Wednesday, November 20, 2024

Leonardo, no

I’ve never been much of a Ken Burns fan, and whatever affection I might have had for his work evaporated with Jazz. But I wanted to like his Leonardo da Vinci.

And I didn’t. It’s far too busy: split screens, with art on one side, nature on the other; unidentified artworks, by any number of artists, split-screen or full-, appearing and disappearing rapidly; art historians speaking as music plays behind them, or over them. The presentation defies any contemplation of art and makes it impossible, at least for me, to grasp the chronology of the life.
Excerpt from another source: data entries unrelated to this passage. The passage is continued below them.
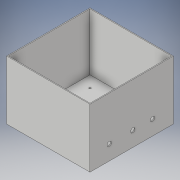
# Autodesk Inventor part: 546-1550Z137-Combiner
Saved by Autodesk Inventor 2018 (Build 220112000, 112)
## iProperties
Created: 2018-04-30
Part Number: 546-1550Z137-Combiner
Material: Generic
Document SubType Name: Modeling
Designer: bbramman
Density: 1 g/cm^3
Appearance: Default
Author: bbramman
Autodesk Inventor part; units mm, degrees
ref_plane "YZ Plane" through (0, 0, 0) normal (1, 0, 0) x (0, 1, 0)
ref_plane "XZ Plane" through (0, 0, 0) normal (0, 1, 0) x (-1, 0, 0)
ref_plane "XY Plane" through (0, 0, 0) normal (0, 0, 1) x (1, 0, 0)
sketch "Sketch1" plane through (0, 0, 0) normal (0, 1, 0) x (-1, 0, 0)
  line L0 (-60.452, -60.452) -> (60.452, -60.452)
  line L1 (60.452, -60.452) -> (60.452, 60.452)
  line L2 (60.452, 60.452) -> (-60.452, 60.452)
  line L3 (-60.452, 60.452) -> (-60.452, -60.452)
  line L4 (-60.452, -60.452) -> (60.452, 60.452) construction
  line L5 (60.452, -60.452) -> (-60.452, 60.452) construction
  point P0 (0, 0)
  dimension "d0" = 120.904
  dimension "d1" = 120.904
  constraints: 12 end point, 2 midpoint, 2 parallel, 1 horizontal, 1 perpendicular
  measures "d0" distance of L2.end L1.end
  measures "d1" distance of L1.end L0.end
extrude "Extrusion1" add sketch "Sketch1" along normal blind 2.54
sketch "Sketch2" plane through (0, 2.54, 0) normal (0, 1, 0) x (1, 0, 0)
  line L0 (60.452, 60.452) -> (-60.452, 60.452) projected
  line L1 (60.452, -60.452) -> (-60.452, -60.452)
  line L2 (-60.452, -60.452) -> (-60.452, 60.452)
  line L3 (-60.452, 60.452) -> (60.452, 60.452)
  line L4 (60.452, 60.452) -> (60.452, -60.452)
  line L5 (60.452, -60.452) -> (-60.452, 60.452) construction
  line L6 (-60.452, -60.452) -> (60.452, 60.452) construction
  line L7 (59.182, -59.182) -> (-59.182, -59.182)
  line L8 (-59.182, -59.182) -> (-59.182, 59.182)
  line L9 (-59.182, 59.182) -> (59.182, 59.182)
  line L10 (59.182, 59.182) -> (59.182, -59.182)
  line L11 (59.182, -59.182) -> (-59.182, 59.182) construction
  line L12 (-59.182, -59.182) -> (59.182, 59.182) construction
  point P0 (0, 0)
  dimension "d4" = 118.364
  dimension "d5" = 118.364
  constraints: 24 end point, 4 midpoint, 4 parallel, 2 horizontal, 2 perpendicular
  measures "d4" distance of L8.end L9.end
  measures "d5" distance of L7.end L8.end
extrude "Extrusion2" add sketch "Sketch2" along normal blind 82.804
sketch "Sketch3" plane through (0, 2.54, 0) normal (0, 1, 0) x (1, 0, 0)
  circle A0 centre (0, -25.4) radius 2.0828
  circle A1 centre (0, 25.4) radius 2.0828
  point P0 (0, 0)
  dimension "d10" = 4.1656
  dimension "d11" = 4.1656
  constraints: 2 centre point
  measures "d10" diameter of A0
  measures "d11" diameter of A1
extrude "Extrusion3" cut sketch "Sketch3" against normal through all
sketch "Sketch4" plane through (0, 2.54, 0) normal (0, 1, 0) x (1, 0, 0)
  line L0 (32.9946, -9.9949) -> (-32.9946, 9.9949) construction
  line L1 (-32.9946, -9.9949) -> (32.9946, 9.9949) construction
  circle A0 centre (-32.9946, -9.9949) radius 1.4986
  circle A1 centre (-32.9946, 9.9949) radius 1.4986
  circle A2 centre (32.9946, -9.9949) radius 1.4986
  circle A3 centre (32.9946, 9.9949) radius 1.4986
  line L2 (50, -50) -> (-50, 50) construction
  line L3 (-50, -50) -> (50, 50) construction
  circle A4 centre (43.65, -42.38) radius 1.4224
  circle A5 centre (43.65, 42.38) radius 1.4224
  circle A6 centre (-42.38, 42.38) radius 1.4224
  circle A7 centre (-42.38, -42.38) radius 1.4224
  point P0 (0, 0)
  dimension "d14" = 65.9892
  dimension "d15" = 19.9898
  dimension "d16" = 2.9972
  dimension "d17" = 2.9972
  dimension "d18" = 2.9972
  dimension "d19" = 2.9972
  dimension "d20" = 100
  dimension "d21" = 100
  dimension "d28" = 2.8448
  dimension "d29" = 2.8448
  dimension "d30" = 2.8448
  dimension "d31" = 2.8448
  constraints: 8 centre point, 8 end point, 4 coincident, 4 midpoint
  measures "d14" distance of L0.end L1.end
  measures "d15" distance of L1.start L0.end
  measures "d16" diameter of A0
  measures "d17" diameter of A1
  measures "d18" diameter of A2
  measures "d19" diameter of A3
  measures "d20" distance of L2.end L3.end
  measures "d21" distance of L3.start L2.end
  measures "d28" diameter of A4
  measures "d29" diameter of A5
  measures "d30" diameter of A6
  measures "d31" diameter of A7
extrude "Extrusion4" cut sketch "Sketch4" against normal through all
sketch "Sketch5" plane through (-59.182, 2.54, 59.182) normal (1, 0, 0) x (0, 0, -1)
  line L0 (0, 0) -> (0, 82.804) projected
  circle A0 centre (59.182, 19.05) radius 3.175
  point P0 (59.182, -2.54)
  dimension "d34" = 6.35
  constraints: 1 centre point
  measures "d34" diameter of A0
extrude "Extrusion5" cut sketch "Sketch5" against normal through all
sketch "Sketch6" plane through (59.182, 2.54, -59.182) normal (-1, 0, 0) x (0, 0, 1)
  point P0 (59.182, -2.54)
sketch "Sketch7" plane through (59.182, 2.54, -59.182) normal (-1, 0, 0) x (0, 0, 1)
  circle A0 centre (29.0271, 19.05) radius 3.175
  circle A1 centre (57.6021, 19.05) radius 3.175
  circle A2 centre (91.7334, 19.05) radius 3.175
  point P0 (59.182, -2.54)
  dimension "d40" = 6.35
  dimension "d41" = 6.35
  dimension "d42" = 6.35
  constraints: 3 centre point
  measures "d40" diameter of A0
  measures "d41" diameter of A1
  measures "d42" diameter of A2
extrude "Extrusion6" cut sketch "Sketch7" against normal through all
body "Solid1"

The truly false note: yellow subtitles translate the abundant commentary of French and Italian art historians, but Leonardo’s own words are spoken, without attribution, in a deeply accented English by the Italian actor Adriano Giannini. It’s like listening to a commercial for an upscale fragrance.

And if the e-mails from my PBS affiliate are to be trusted, the fragrance would be called da Vinci. Not Leonardo.

It would be a good thing if this documentary were to bring about in its viewers a greater respect for the work of human intelligence: the eye, the hand, the mind.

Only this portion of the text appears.